I shot a party friday night and got some results that I wanted to share with you guys. I'm pretty happy with the shots i got this weekend. I was experimenting quite a lot and it was paying of for me. I could definetly up my game in the nightclub photography area and gain some experience with color gels and off-camera flash. 

The lens I used was a Tokina 12-24mm for APS-C sized sensors. The results when using long exposures, zooming and using multiple flashes are pretty interesting, especially in the range where the image circle can't cover the hole sensor of my 5D, it's almost like the light trails are coming out of the picture.

Tell me what you think, I really appreciate every feedback.


----------



## surapon (Dec 9, 2013)

Knut Skywalker said:


> I shot a party friday night and got some results that I wanted to share with you guys. I'm pretty happy with the shots i got this weekend. I was experimenting quite a lot and it was paying of for me. I could definetly up my game in the nightclub photography area and gain some experience with color gels and off-camera flash.
> 
> The lens I used was a Tokina 12-24mm for APS-C sized sensors. The results when using long exposures, zooming and using multiple flashes are pretty interesting, especially in the range where the image circle can't cover the hole sensor of my 5D, it's almost like the light trails are coming out of the picture.
> 
> Tell me what you think, I really appreciate every feedback.



Wow, Wow, Wow, Dear Knut.
You are great Special effected Photographer, I love your Photos = Good story teller, Good Composition and Great Special effected for High Motion of the Model.
Thanks to share with us, these great Pictures.
Surapon


----------



## sanj (Dec 9, 2013)

You are a gutsy, experimental photographer and I admire that. I like the first photo a lot. Keep it up.


----------



## RLPhoto (Dec 9, 2013)

Nice. I like the dragged shutter and the speedlites off to the sides.


----------



## Menace (Dec 9, 2013)

Well done - nicely captured.


----------



## Marsu42 (Dec 9, 2013)

These are really nice, I'd like to give some constructive criticism, but I don't find anything to improve. With the ef-s lens on ff you've found something quite unique, you should expand on that!

Btw it's always interesting to see djs put up a show when basically switching cds and doing some beatmixing 



Knut Skywalker said:


> The lens I used was a Tokina 12-24mm for APS-C sized sensors.

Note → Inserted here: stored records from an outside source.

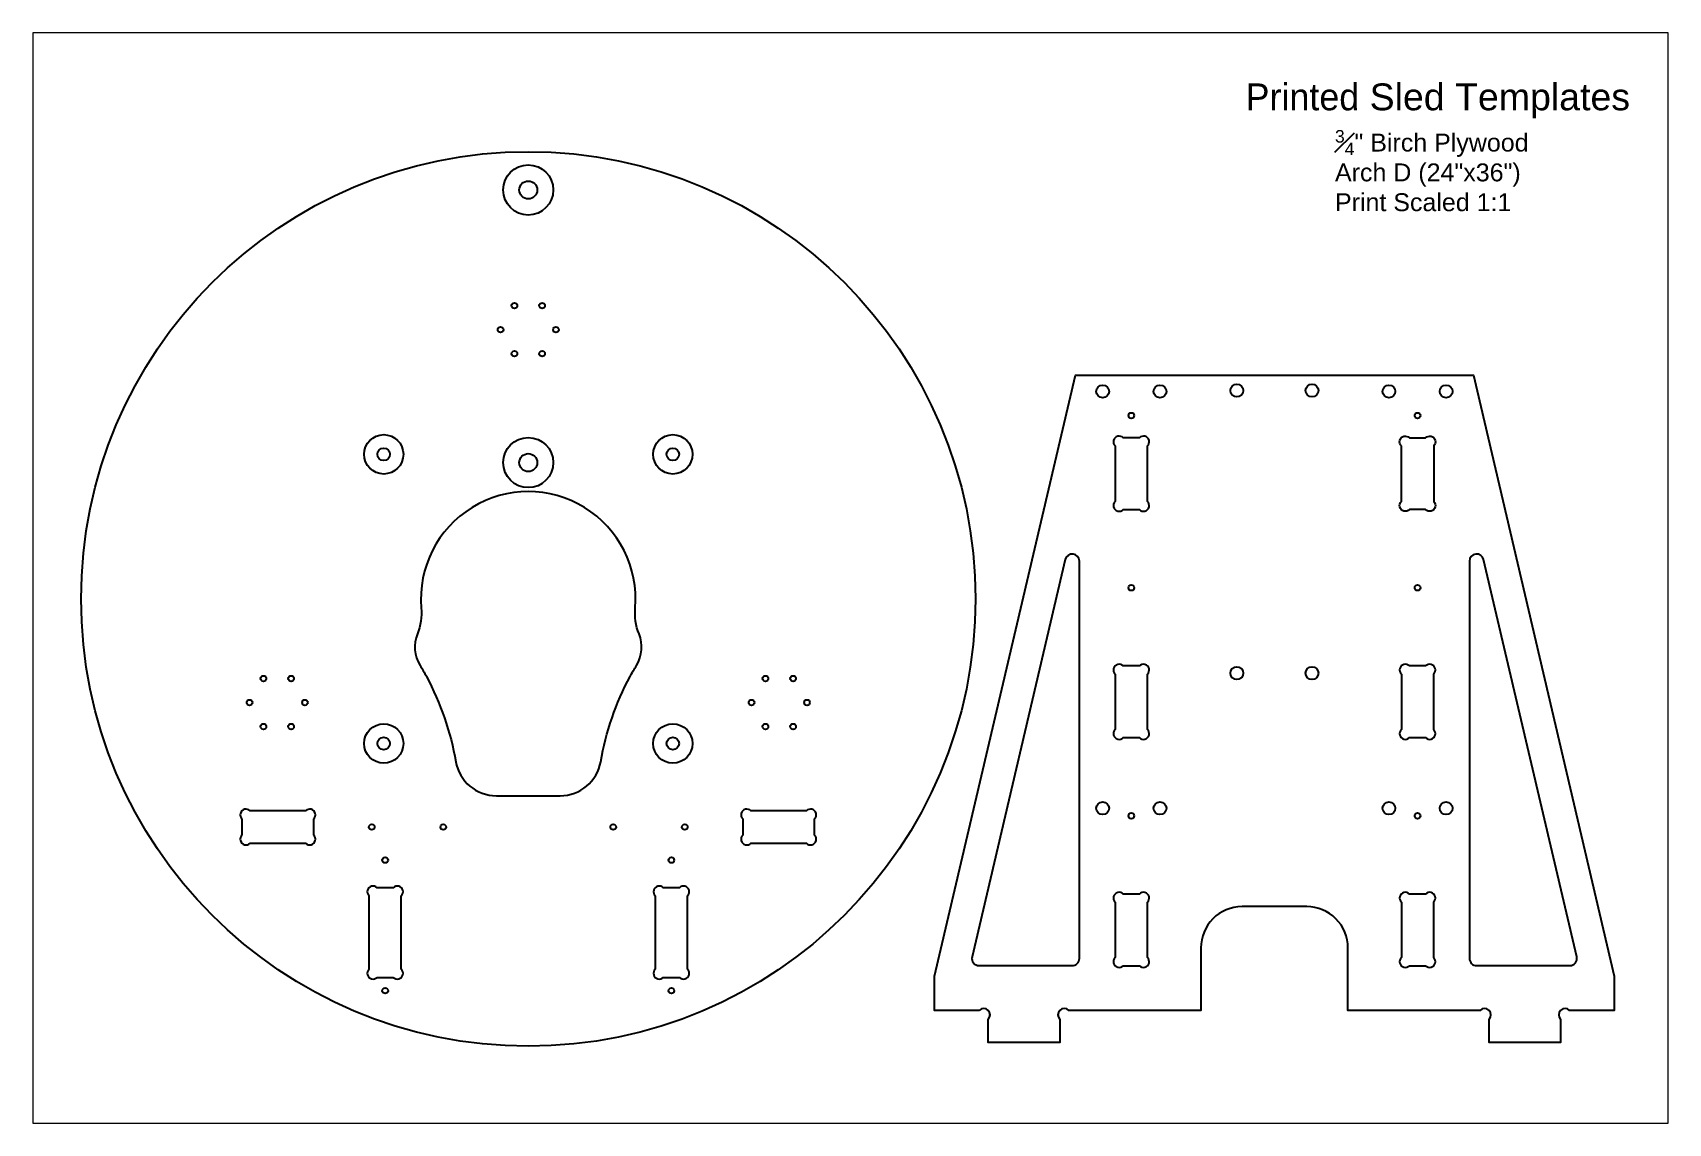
# Paper-space layout '0.750in Ply - Printed Chute Sled' of a CAD drawing. Header units: millimetres. Extents: x -3 to 911, y -3 to 606.
# The model-space entities are those that its viewports show. They can reach past a viewport. Long polylines and large blocks are cut down to what shows.
import ezdxf

# ---------------------------------------------------------------- set-up
doc = ezdxf.new("R2010")
doc.units = ezdxf.units.MM
doc.header["$MEASUREMENT"] = 0
for name, color, linetype in [('0.708in_Ply-T1_0.250in_1FL-0.500in_Pocket', 4, 'Continuous'), ('0.708in_Ply-T1_0.250in_1FL-Contours', 7, 'Continuous'), ('0.708in_Ply-T1_0.250in_1FL-ThruPockets', 4, 'Continuous'), ('0.708in_Ply-T2_0.125in_1FL-ThruPockets', 5, 'Continuous'), ('0.708in_Ply-T4_0.125in_Drill', 1, 'Continuous')]:
    doc.layers.add(name, color=color, linetype=linetype)
doc.layers.add('AM_VIEWS', color=1, linetype='Continuous', lineweight=15, plot=False)

msp = doc.modelspace()

# ---------------------------------------------------------------- linework, layer by layer
at = {"layer": '0.708in_Ply-T1_0.250in_1FL-0.500in_Pocket'}
for centre, radius in [((-1.27, 2148.51), 14), ((-82.09, 2000.73), 11), ((79.55, 2000.73), 11), ((-1.27, 1996.11), 14), ((-82.09, 1839.09), 11), ((79.55, 1839.09), 11)]:
    msp.add_circle(centre, radius, dxfattribs=at)
at = {"layer": '0.708in_Ply-T1_0.250in_1FL-Contours'}
for points in [[(225.89, 1709.07), (304.62, 2044.91), (527.16, 2044.91), (605.89, 1709.07), (605.89, 1689.91), (580.92, 1689.91, 1), (575.89, 1684.88), (575.89, 1671.91), (535.89, 1671.91), (535.89, 1684.88, 1), (530.86, 1689.91), (456.99, 1689.91), (456.99, 1724.91)], [(456.99, 1724.91, 0.414214), (433.99, 1747.91), (397.79, 1747.91, 0.414214), (374.79, 1724.91), (374.79, 1689.91), (300.92, 1689.91, 1), (295.89, 1684.88), (295.89, 1671.91), (255.89, 1671.91), (255.89, 1684.88, 1), (250.86, 1689.91)]]:
    msp.add_lwpolyline(points, format="xyb", dxfattribs=at)
msp.add_lwpolyline([(60.71, 1900.32, -0.11767), (58.52, 1914.85, 1.088277), (-61.05, 1914.85, -0.11767), (-63.25, 1900.32, 0.237946), (-61.78, 1882.78, -0.014822), (-58.19, 1876.51, -0.07951), (-41.76, 1828.93, 0.364201), (-19.11, 1809.91), (16.58, 1809.91, 0.364201), (39.23, 1828.93, -0.07951), (55.65, 1876.51, -0.014822), (59.25, 1882.78, 0.237946)], format="xyb", close=True, dxfattribs=at)
msp.add_lwpolyline([(250.86, 1689.91), (225.89, 1689.91), (225.89, 1709.07)], dxfattribs=at)
msp.add_circle((-1.27, 1919.91), 250, dxfattribs=at)
at = {"layer": '0.708in_Ply-T1_0.250in_1FL-ThruPockets'}
for points in [[(326.85, 2005.43), (326.85, 1974.39, 1.006104), (331.37, 1969.87), (340.41, 1969.87, 1.006104), (344.93, 1974.39), (344.93, 2005.43, 1.006104), (340.41, 2009.95), (331.37, 2009.95, 1.006104)], [(486.85, 2005.43, -1.006104), (491.37, 2009.95), (500.41, 2009.95, -1.006104), (504.93, 2005.43), (504.93, 1974.39, -1.006104), (500.41, 1969.87), (491.37, 1969.87, -1.006104), (486.85, 1974.39)], [(298.96, 1941.89), (246.9, 1719.82, 0.483382), (250.8, 1714.91), (302.85, 1714.91, 0.414214), (306.85, 1718.91), (306.85, 1940.98, 0.891021)], [(528.93, 1714.91), (580.99, 1714.91, 0.483382), (584.88, 1719.82), (532.83, 1941.89, 0.891021), (524.93, 1940.98), (524.93, 1718.91, 0.414214)], [(326.85, 1877.93), (326.85, 1846.89, 1.006104), (331.37, 1842.37), (340.41, 1842.37, 1.006104), (344.93, 1846.89), (344.93, 1877.93, 1.006104), (340.41, 1882.45), (331.37, 1882.45, 1.006104)], [(504.93, 1846.89), (504.93, 1877.93, 1.006104), (500.41, 1882.45), (491.37, 1882.45, 1.006104), (486.85, 1877.93), (486.85, 1846.89, 1.006104), (491.37, 1842.37), (500.41, 1842.37, 1.006104)], [(-156.79, 1783.37), (-125.75, 1783.37, 1.006104), (-121.23, 1787.89), (-121.23, 1796.93, 1.006104), (-125.75, 1801.45), (-156.79, 1801.45, 1.006104), (-161.31, 1796.93), (-161.31, 1787.89, 1.006104)], [(118.69, 1796.93), (118.69, 1787.89, 1.006104), (123.21, 1783.37), (154.25, 1783.37, 1.006104), (158.77, 1787.89), (158.77, 1796.93, 1.006104), (154.25, 1801.45), (123.21, 1801.45, 1.006104)], [(-72.23, 1712.89), (-72.23, 1753.93, 1.006104), (-76.75, 1758.45), (-85.79, 1758.45, 1.006104), (-90.31, 1753.93), (-90.31, 1712.89, 1.006104), (-85.79, 1708.37), (-76.75, 1708.37, 1.006104)], [(69.69, 1753.93), (69.69, 1712.89, 1.006104), (74.21, 1708.37), (83.25, 1708.37, 1.006104), (87.77, 1712.89), (87.77, 1753.93, 1.006104), (83.25, 1758.45), (74.21, 1758.45, 1.006104)], [(331.37, 1714.87), (340.41, 1714.87, 1.006104), (344.93, 1719.39), (344.93, 1750.43, 1.006104), (340.41, 1754.95), (331.37, 1754.95, 1.006104), (326.85, 1750.43), (326.85, 1719.39, 1.006104)], [(504.93, 1719.39), (504.93, 1750.43, 1.006104), (500.41, 1754.95), (491.37, 1754.95, 1.006104), (486.85, 1750.43), (486.85, 1719.39, 1.006104), (491.37, 1714.87), (500.41, 1714.87, 1.006104)]]:
    msp.add_lwpolyline(points, format="xyb", close=True, dxfattribs=at)
for centre in [(-1.27, 2148.51), (-1.27, 1996.11)]:
    msp.add_circle(centre, 5, dxfattribs=at)
at = {"layer": '0.708in_Ply-T2_0.125in_1FL-ThruPockets'}
for centre, radius in [((319.89, 2035.91), 3.57), ((351.89, 2035.91), 3.57), ((394.88, 2036.4), 3.57), ((436.91, 2036.4), 3.57), ((479.89, 2035.91), 3.57), ((511.89, 2035.91), 3.57), ((-82.09, 2000.73), 3.5), ((79.55, 2000.73), 3.5), ((394.88, 1878.41), 3.57), ((436.91, 1878.41), 3.57), ((-82.09, 1839.09), 3.5), ((79.55, 1839.09), 3.5), ((319.89, 1802.91), 3.57), ((351.89, 1802.91), 3.57), ((479.89, 1802.91), 3.57), ((511.89, 1802.91), 3.57)]:
    msp.add_circle(centre, radius, dxfattribs=at)
at = {"layer": '0.708in_Ply-T4_0.125in_Drill'}
for centre in [(-9.02, 2083.83), (6.48, 2083.83), (-16.77, 2070.41), (14.23, 2070.41), (-9.02, 2056.99), (6.48, 2056.99), (335.89, 2022.41), (495.89, 2022.41), (335.89, 1926.16), (495.89, 1926.16), (-149.35, 1875.4), (-133.85, 1875.4), (131.32, 1875.4), (146.82, 1875.4), (-157.1, 1861.98), (-126.1, 1861.98), (123.57, 1861.98), (154.57, 1861.98), (-149.35, 1848.56), (-133.85, 1848.56), (131.32, 1848.56), (146.82, 1848.56), (-88.77, 1792.41), (-48.77, 1792.41), (46.23, 1792.41), (86.23, 1792.41), (335.89, 1798.66), (495.89, 1798.66), (-81.27, 1773.91), (78.73, 1773.91), (-81.27, 1700.91), (78.73, 1700.91)]:
    msp.add_circle(centre, 1.59, dxfattribs=at)

# ---------------------------------------------------------------- texts
at = {"linetype": 'Continuous', "attachment_point": 1}
for s, width, insert, char_height in [('\\A1;Printed{\\fArial|b0|i0|c0|p34; Sled Templates}', 256.5651, (399.75, 2208.04), 15), ('\\A1;{\\fArial|b0|i0|c0|p34;\\H0.7x;\\S3#4;\\H1.4286x;" Birch Plywood\\PArch D (24"x36")\\PPrint Scaled 1:1}', 171.1858, (449.75, 2182), 10)]:
    msp.add_mtext_dynamic_manual_height_columns(s, width=width, gutter_width=1, heights=[0], dxfattribs=dict(at, insert=insert, char_height=char_height))

psp = doc.layouts.new('0.750in Ply - Printed Chute Sled')

# ---------------------------------------------------------------- viewports
at = {"layer": 'AM_VIEWS'}
psp.add_viewport(center=(454.025, 301.625), size=(914.4, 609.6), view_center_point=(178.886, 1931.602), view_height=609.60004, dxfattribs=at)

doc.saveas('drawing.dxf')

... and with a 5d2 *snigger* that'll make the "you need a 5d3 to shoot your doorknob in low light" crowd think 



Knut Skywalker said:


> The results when using long exposures, zooming and using multiple flashes are pretty interesting, especially in the range where the image circle can't cover the hole sensor of my 5D, it's almost like the light trails are coming out of the picture.



It's a damn pitty the Canon brand flashes don't support 2nd curtain remote sync - is this 1st or 2nd curtain (using your Yn triggers)?


----------



## alexanderferdinand (Dec 9, 2013)

Nice colors, dynamic.
Very well done!


----------



## Hesbehindyou (Dec 9, 2013)

These are great. I'm just thinking out loud with the following:



Knut Skywalker said:


> I could definetly up my game in the nightclub photography area and gain some experience with color gels and off-camera flash.



- The white flash looks out of place so gels would make it look more 'natural', as if you weren't using a flash.
- The white flash does really well at separating the subject from the colourful mish-mash of lights and objects that would otherwise distract my eye and 'hide' the subject.

Reckon go for gels for that 'wow you got lucky with the light/how did you do that without flash' look, and 'bare' flash for busy shots where the subject would otherwise be a little too well camouflaged.

An off-camera flash placed behind your subject (well, behind as in behind relative to the camera) would also help separate the subject from the rest of the photo, so if you wanted to get away from the bare flash look experiment with that.



Knut Skywalker said:


> The lens I used was a Tokina 12-24mm for APS-C sized sensors. The results when using long exposures, zooming and using multiple flashes are pretty interesting, especially in the range where the image circle can't cover the hole sensor of my 5D, it's almost like the light trails are coming out of the picture.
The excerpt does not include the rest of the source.